(Records from a data source)
+--

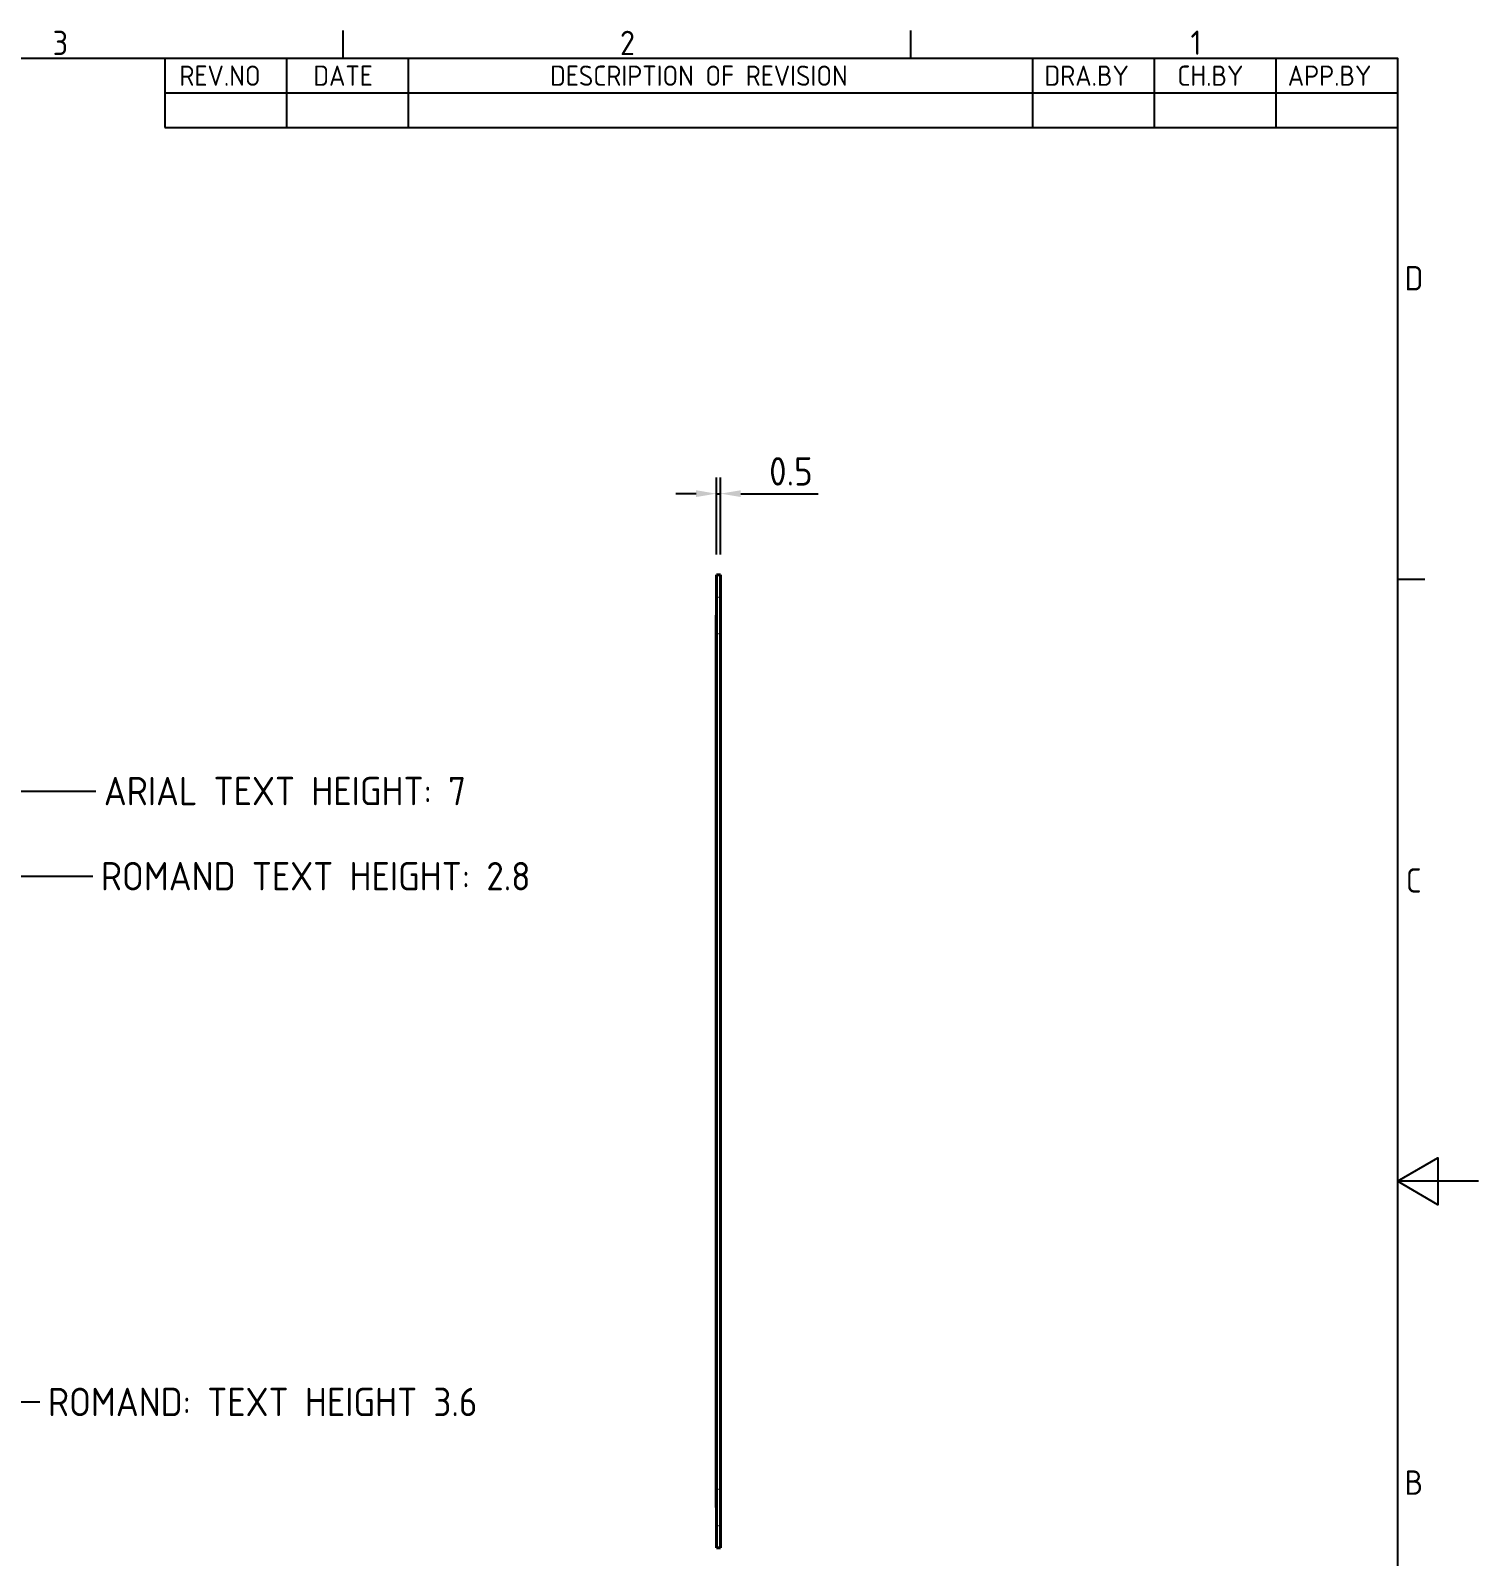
# Model space of a CAD drawing. Header units: millimetres. Extents: x 0 to 420, y 0 to 297.
# Drawn here: x 241.4 to 420, y 102.2 to 290.4 of the extents above; entities that cross this region are included whole.
import ezdxf

# ---------------------------------------------------------------- set-up
doc = ezdxf.new("R2010")
doc.units = ezdxf.units.MM
doc.linetypes.add('DASHED', pattern=[0.2067, 0.1654, -0.0413])
doc.layers.get('0').update_dxf_attribs({"color": 3, "lineweight": 25})
for name, color, linetype, lineweight in [('가려진 것(ISO)', 2, 'DASHED', 18), ('가려진 좁은 것(ISO)', 2, 'DASHED', 18), ('가시적인 것(ISO)', 3, 'Continuous', 40), ('경계(ISO)', 7, 'Continuous', 25), ('기호(ISO)', 5, 'Continuous', 25), ('치수(ISO)', 2, 'Continuous', 25)]:
    doc.layers.add(name, color=color, linetype=linetype, lineweight=lineweight)
doc.styles.add('ISO Proportiona M2B', font='isocp.shx')
doc.styles.add('문자 텍스트_M2B', font='isocp.shx')
doc.styles.add('치수 텍스트_PSTEK_POSCO', font='isocp.shx')
doc.dimstyles.new('치수_PSTEK_POSCO', dxfattribs={"dimtxt": 3.5, "dimasz": 2.5, "dimexe": 2, "dimexo": 2.5, "dimgap": 1, "dimtad": 1, "dimrnd": 1e-08, "dimdsep": 46, "dimtxsty": '치수 텍스트_PSTEK_POSCO', "dimcen": 0.09, "dimdle": 10, "dimclrd": 7, "dimclre": 7, "dimclrt": 2, "dimadec": 1, "dimazin": 2, "dimtfac": 1, "dimtmove": 0, "dimatfit": 3, "dimfxl": 0, "dimtolj": 1, "dimlwd": -1, "dimlwe": -1, "dimarcsym": 0})
doc.dimstyles.new('치수_PSTEK_POSCO$7', dxfattribs={"dimtxt": 3.5, "dimasz": 2.5, "dimexe": 2, "dimexo": 2.5, "dimgap": 1, "dimtad": 1, "dimrnd": 1e-08, "dimdsep": 46, "dimtxsty": '치수 텍스트_PSTEK_POSCO', "dimcen": 0.09, "dimdle": 10, "dimclrd": 7, "dimclre": 7, "dimclrt": 2, "dimadec": 1, "dimazin": 2, "dimtfac": 1, "dimtmove": 0, "dimatfit": 3, "dimfxl": 0, "dimtolj": 1, "dimlwd": -1, "dimlwe": -1, "dimarcsym": 0})

# ---------------------------------------------------------------- blocks, each defined once
blk = doc.blocks.new('경계 Default Border')
at = {"layer": '경계(ISO)'}
for p, q in [((280, 287), (280, 290.4)), ((350, 287), (350, 290.4)), ((410, 222.75), (413.4, 222.75))]:
    blk.add_line(p, q, dxfattribs=at)
at = {"layer": '경계(ISO)', "flags": 128}
for points in [[(10, 10), (10, 287), (410, 287), (410, 10), (10, 10)], [(420, 148.5), (410, 148.5), (415, 151.39), (415, 145.61), (410, 148.5)]]:
    blk.add_lwpolyline(points, dxfattribs=at)
at = {"layer": '경계(ISO)', "color": 2, "char_height": 3, "attachment_point": 7, "style": '문자 텍스트_M2B'}
for s, insert in [('3', (244.17, 287.37)), ('2', (314.13, 287.37)), ('1', (384.49, 287.4)), ('D', (410.88, 258.35)), ('C', (411.04, 184.1)), ('B', (410.88, 109.85))]:
    blk.add_mtext(s, dxfattribs=dict(at, insert=insert))
blk = doc.blocks.new('리비전 내역')
at = {"layer": '기호(ISO)'}
for p, q in [((258, 287), (410, 287)), ((258, 287), (258, 282.72)), ((273, 287), (273, 282.72)), ((288, 287), (288, 282.72)), ((365, 287), (365, 282.72)), ((380, 287), (380, 282.72)), ((395, 287), (395, 282.72)), ((410, 287), (410, 282.72)), ((258, 282.72), (410, 282.72)), ((258, 282.72), (258, 278.44)), ((273, 282.72), (273, 278.44)), ((288, 282.72), (288, 278.44)), ((365, 282.72), (365, 278.44)), ((380, 282.72), (380, 278.44)), ((395, 282.72), (395, 278.44)), ((410, 282.72), (410, 278.44)), ((258, 278.44), (410, 278.44))]:
    blk.add_line(p, q, dxfattribs=at)
at = {"layer": '기호(ISO)', "color": 2, "char_height": 2.5, "attachment_point": 7, "style": 'ISO Proportiona M2B'}
for s, insert in [('REV.NO', (259.79, 283.58)), ('DATE', (276.31, 283.58)), ('DESCRIPTION OF REVISION', (305.51, 283.58)), ('DRA.BY', (366.48, 283.58)), ('CH.BY', (382.86, 283.58)), ('APP.BY', (396.48, 283.58))]:
    blk.add_mtext(s, dxfattribs=dict(at, insert=insert))
blk = doc.blocks.new('*D26')
at = {"layer": 'Defpoints', "color": 0, "transparency": 16777216}
for p in [(326.52, 233.29), (326.02, 223.29), (326.52, 223.29)]:
    blk.add_point(p, dxfattribs=at)
at = {"layer": '치수(ISO)', "color": 7, "transparency": 16777216}
for p, q in [((326.02, 225.79), (326.02, 235.29)), ((326.52, 225.79), (326.52, 235.29)), ((323.52, 233.29), (321.02, 233.29)), ((326.02, 233.29), (326.52, 233.29)), ((329.02, 233.29), (338.57, 233.29))]:
    blk.add_line(p, q, dxfattribs=at)
for points in [[(323.52, 233.71), (323.52, 232.88), (326.02, 233.29)], [(329.02, 233.71), (329.02, 232.88), (326.52, 233.29)]]:
    blk.add_solid(points, dxfattribs=at)
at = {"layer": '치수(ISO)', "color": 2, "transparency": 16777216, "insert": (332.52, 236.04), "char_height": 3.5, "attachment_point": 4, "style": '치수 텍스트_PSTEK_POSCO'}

+--

-- EXERCISE INSTRUCTIONS --
Above are the records; repeat their lines from the first through the line containing "for name, color, linetype, lineweight", and leave out each picture.

-- FINISHED EXERCISE --
# Model space of a CAD drawing. Header units: millimetres. Extents: x 0 to 420, y 0 to 297.
# Drawn here: x 241.4 to 420, y 102.2 to 290.4 of the extents above; entities that cross this region are included whole.
import ezdxf

# ---------------------------------------------------------------- set-up
doc = ezdxf.new("R2010")
doc.units = ezdxf.units.MM
doc.linetypes.add('DASHED', pattern=[0.2067, 0.1654, -0.0413])
doc.layers.get('0').update_dxf_attribs({"color": 3, "lineweight": 25})
for name, color, linetype, lineweight in [('가려진 것(ISO)', 2, 'DASHED', 18), ('가려진 좁은 것(ISO)', 2, 'DASHED', 18), ('가시적인 것(ISO)', 3, 'Continuous', 40), ('경계(ISO)', 7, 'Continuous', 25), ('기호(ISO)', 5, 'Continuous', 25), ('치수(ISO)', 2, 'Continuous', 25)]:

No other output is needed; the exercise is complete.